The Verdict: Be the Governor, Not the User
We are at a crossroads and witnessing the democratisation of assurance. If internal audit cannot provide insights deeper than what a manager can get from a chatbot, the function has limited value. We can continue to point out the flaws in the data and the risks of the black-box, or we can step into the vacuum and help leaders manage those very risks.
The hot topic for the future isn’t just using AI; it is governing agentic AI systems. Organisations are rushing to adopt these tools with little oversight. Who is better positioned than Internal Audit to ask: Is this data biased? Is this model explainable? Is this secure? Is this assurance truly effective?
We have a unique opportunity to stop being the function that lags behind the business and start being the innovators.
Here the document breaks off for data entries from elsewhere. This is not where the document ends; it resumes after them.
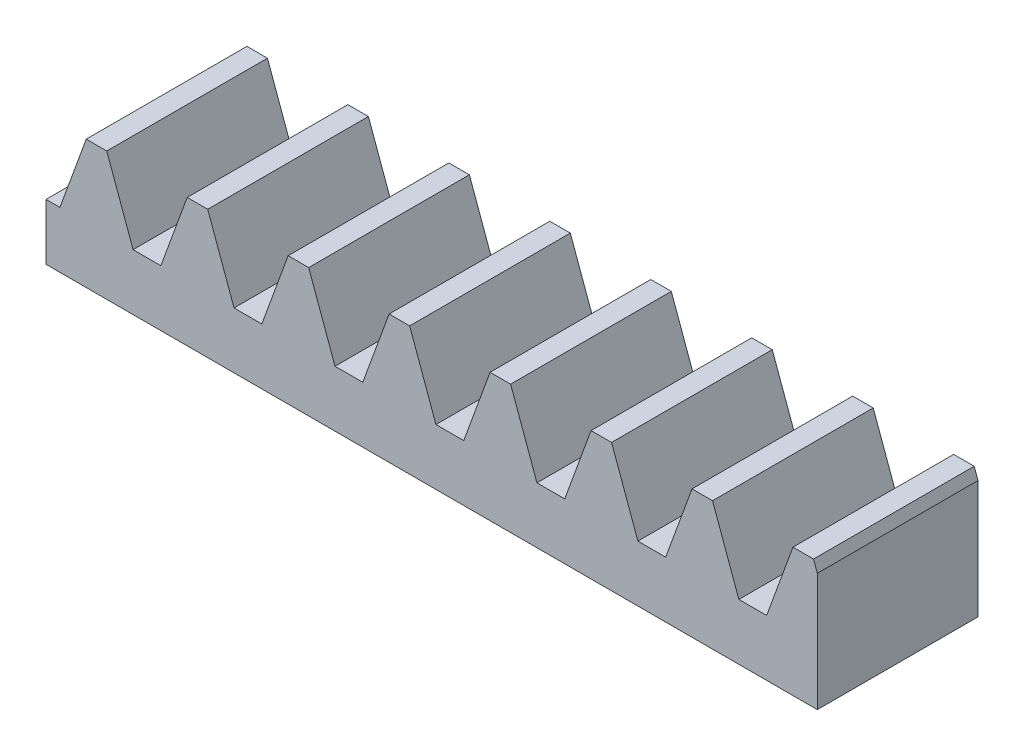
SolidWorks part; units mm, degrees
extrude "Blank" add sketch "BlankSke" against normal blind 63.5
sketch "BlankSke" plane through (0, 0, 0) normal (0, 0, 1) x (1, 0, 0)
  line L1 (0, 0) -> (304.8, 0)
  line L2 (0, 0) -> (0, 50.8)
  line L3 (0, 50.8) -> (304.8, 50.8)
  line L4 (304.8, 0) -> (304.8, 50.8)
  dimension "Length" = 304.8
ref_plane "Plane1" through (0, 0, 0) normal (0, 0, 1) x (1, 0, 0)
ref_plane "Plane2" through (0, 0, 0) normal (0, 1, 0) x (1, 0, 0)
ref_plane "Plane3" through (0, 0, 0) normal (1, 0, 0) x (0, 0, -1)
sketch "HoldingSke" plane through (0, 0, 0) normal (0, 1, 0) x (1, 0, 0)
  line L0 (0, 0) -> (38.9151, -32.6536)
  line L1 (-15, 0) -> (100, 0) construction
  line L2 (0, 0) -> (-2.1039, 2.3779)
  line L3 (0, 0) -> (-11.863, 4.5341)
  line L4 (0, 0) -> (8.5297, 1.351)
  line L5 (0, 0) -> (-23.7986, -8.8762)
  line L6 (0, 0) -> (-10.5278, -7.1032)
  line L9 (-71.009, 38.7566) -> (215.4093, 143.0043)
  line L10 (-76.2, 71.12) -> (-38.1, 71.12)
  line L11 (0, 0) -> (-63.5, 0)
  line L12 (-76.2, 101.6) -> (-75.7682, 101.6)
  line L13 (24.9733, 27.94) -> (52.9518, 28.4284)
  line L14 (24.9733, 27.94) -> (24.9746, 27.94)
  line L15 (24.9733, 27.94) -> (100.4006, 29.5858)
  circle A0 centre (0, 0) radius 19.05
  circle A1 centre (0, 0) radius 19.05
  circle A2 centre (0, 0) radius 12.7
  dimension "MPH" = 38.1
  dimension "Diameter" = 38.1
  dimension "Show_teeth" = 400
  dimension "Thickness" = 12.7
  dimension "Ap" = 20
  dimension "Pitch_height" = 38.1
  dimension "Width" = 63.5
  dimension "Addendum_fac" = 1
  dimension "Dedendum_fac" = 1.25
  dimension "Clearance_fac" = 0.25
  dimension "Dedendum_add" = 0.0013
  dimension "Length" = 304.8
sketch "TooCutSkeIll" plane through (0, 0, 0) normal (0, 0, 1) x (1, 0, 0)
  line L0 (-15.7707, 50.4657) -> (-6.2526, 24.3149)
  line L1 (-3.2679, 22.225) -> (3.2679, 22.225)
  line L2 (6.2526, 24.3149) -> (15.7707, 50.4657)
  line L3 (304.8, 50.8) -> (0, 50.8) construction
  line L4 (0, 0) -> (0, 64.897) construction
  line L5 (-13.208, 38.1) -> (12.954, 38.1) construction
  line L6 (0, 0) -> (304.8, 0) construction
  line L7 (11.27, 38.1) -> (11.27, 48.7463) construction
  line L8 (-11.27, 38.1) -> (-11.27, 48.7463) construction
  line L9 (16.2481, 50.8) -> (16.2481, 50.8254)
  line L10 (-16.2481, 50.8) -> (-16.2481, 50.8254)
  line L11 (-16.2481, 50.8254) -> (16.2481, 50.8254)
  arc A0 (3.2679, 22.225) -> (6.2526, 24.3149) centre (3.2679, 25.4013) ccw
  arc A1 (-6.2526, 24.3149) -> (-3.2679, 22.225) centre (-3.2679, 25.4013) ccw
  arc A2 (16.2481, 50.8) -> (15.7707, 50.4657) centre (16.2481, 50.292) ccw
  arc A3 (-15.7707, 50.4657) -> (-16.2481, 50.8) centre (-16.2481, 50.292) ccw
  dimension "Pitch_height" = 38.1
  dimension "Pressure_angle" = 20
extrude "ToothCutIll" [suppressed] cut sketch "TooCutSkeIll" against normal through all
sketch "TooCutSkeSim" plane through (0, 0, 0) normal (0, 0, 1) x (1, 0, 0)
  line L0 (5.4919, 22.225) -> (-5.4919, 22.225)
  line L1 (15.9016, 50.8254) -> (5.4919, 22.225)
  line L2 (0, 17.4625) -> (0, 53.467) construction
  line L3 (15.9016, 50.8254) -> (-15.9016, 50.8254)
  line L6 (-15.9016, 50.8254) -> (-5.4919, 22.225)
  line L9 (-11.27, 38.1) -> (11.27, 38.1) construction
  line L10 (0, 0) -> (304.8, 0) construction
  line L11 (11.27, 38.1) -> (11.27, 53.467) construction
  line L12 (-11.27, 38.1) -> (-11.27, 53.467) construction
  dimension "Pitch_height" = 38.1
  dimension "Pressure_angle" = 20
extrude "ToothCutSim" cut sketch "TooCutSkeSim" against normal through all
pattern_linear "TeethCuts" count 8 spacing 39.8982 along (1, 0, 0) of "ToothCutIll", "ToothCutSim"
equation "' \"Pitch@HoldingSke\" = 4"
equation "' \"Num_teeth@HoldingSke\" = 12"
equation "' \"Ap@HoldingSke\" =  20"
equation "' \"Ap@HoldingSke\" = 20"
equation "' \"Width@HoldingSke\" = 0.25"
equation "' \"Show_teeth@HoldingSke\" = 500"
equation "' \"Backlash@HoldingSke\" = 0.009"
equation "' \"Addendum_fac@HoldingSke\" = 1.0"
equation "' \"Dedendum_fac@HoldingSke\" = 1.25"
equation "' \"Dedendum_add@HoldingSke\" = 0.00005"
equation "' \"Clearance_fac@HoldingSke\" = 0.25"
equation "' \"Pitch_height@HoldingSke\" = 1"
equation "' \"Length@HoldingSke\" = 4.71"
equation "\"MPH@HoldingSke\" = \"Dedendum_fac@HoldingSke\" / \"Pitch@HoldingSke\" + 2 * \"Dedendum_add@HoldingSke\" + 0.002"
equation "\"MPH@HoldingSke\" = ((sgn( \"MPH@HoldingSke\" - \"Pitch_height@HoldingSke\")+1)*( \"MPH@HoldingSke\" - \"Pitch_height@HoldingSke\"))/2 + \"Pitch_height@HoldingSke\""
equation "\"Blank_height@BlankSke\" = \"Pitch_height@HoldingSke\" + \"Addendum_fac@HoldingSke\"  / \"Pitch@HoldingSke\" "
equation "\"Length@BlankSke\" =  \"Length@HoldingSke\""
equation "\"Face_width@Blank\" = \"Width@HoldingSke\""
equation "\"Pressure_angle@TooCutSkeIll\" = \"Ap@HoldingSke\""
equation "\"Addendum_plus@TooCutSkeIll\" =  \"Addendum_fac@HoldingSke\"  / \"Pitch@HoldingSke\" + 0.001"
equation "\"Dedendum@TooCutSkeIll\" = \"Dedendum_fac@HoldingSke\"  / \"Pitch@HoldingSke\""
equation "\"Pitch_height@TooCutSkeIll\" =  \"MPH@HoldingSke\""
equation "\"Gap_width@TooCutSkeIll\" = 3.14159265 / 2 / \"Pitch@HoldingSke\" + 6 * \"Backlash@HoldingSke\""
equation "\"Pressure_angle@TooCutSkeSim\" = \"Ap@HoldingSke\""
equation "\"Addendum_plus@TooCutSkeSim\" =  \"Addendum_fac@HoldingSke\"  / \"Pitch@HoldingSke\" + 0.001"
equation "\"Dedendum@TooCutSkeSim\" = \"Dedendum_fac@HoldingSke\"  / \"Pitch@HoldingSke\""
equation "\"Pitch_height@TooCutSkeSim\" =  \"MPH@HoldingSke\""
equation "\"Gap_width@TooCutSkeSim\" = 3.14159265 / 2 / \"Pitch@HoldingSke\" + 6 * \"Backlash@HoldingSke\""
equation "\"Root_fillet@TooCutSkeIll\" = \"Clearance_fac@HoldingSke\" / \"Pitch@HoldingSke\" + \"Dedendum_add@HoldingSke\""
equation "\"Break_rad@TooCutSkeIll\" = 0.02 / \"Pitch@HoldingSke\" * 2"
equation "\"Linear_pitch@TeethCuts\" = 3.14159265 / \"Pitch@HoldingSke\""
equation "\"Num_teeth@HoldingSke\" = int( ( \"Length@HoldingSke\" + 0 ) / (3.14159265 / \"Pitch@HoldingSke\")) + 0.9999  + 1"
equation " \"Num_teeth@TeethCuts\" = int( \"Show_teeth@HoldingSke\" ) + 1"
equation " \"Num_teeth@TeethCuts\" = ((sgn( \"Num_teeth@TeethCuts\" - \"Num_teeth@HoldingSke\" )-1)*( \"Num_teeth@TeethCuts\" - \"Num_teeth@HoldingSke\" ))/-2+ \"Num_teeth@HoldingSke\""
equation " \"Num_teeth@TeethCuts\" = ((sgn( \"Num_teeth@TeethCuts\" - 2.0)+1)*( \"Num_teeth@TeethCuts\" - 2.0))/2 +2.0"

We can be the ones who tell the C-suite, “Yes, trust the system, but only once we have verified it”.
Therefore, the auditor’s role must shift from checker to validator, ensuring that the algorithms running the business aren’t hallucinating, leaking proprietary data, or making biased decisions. We are no longer auditing the transaction; we are auditing the brain that processed the transaction.
The IIA’s Vision 2035 report[1] also supports this radical shift: moving the profession from spending 76% of its time on assurance to a near-even split with advisory work (41% advisory). This requires Assurance-in-the-Loop, being part of the design phase of systems rather than grading the homework after the fact.
You don’t have to love AI. You don’t even have to trust it yet. But you cannot afford to ignore it. The train is leaving the station, with or without us. The choice is simple: evolve into a tech-enabled strategic advisor or prepare to be automated.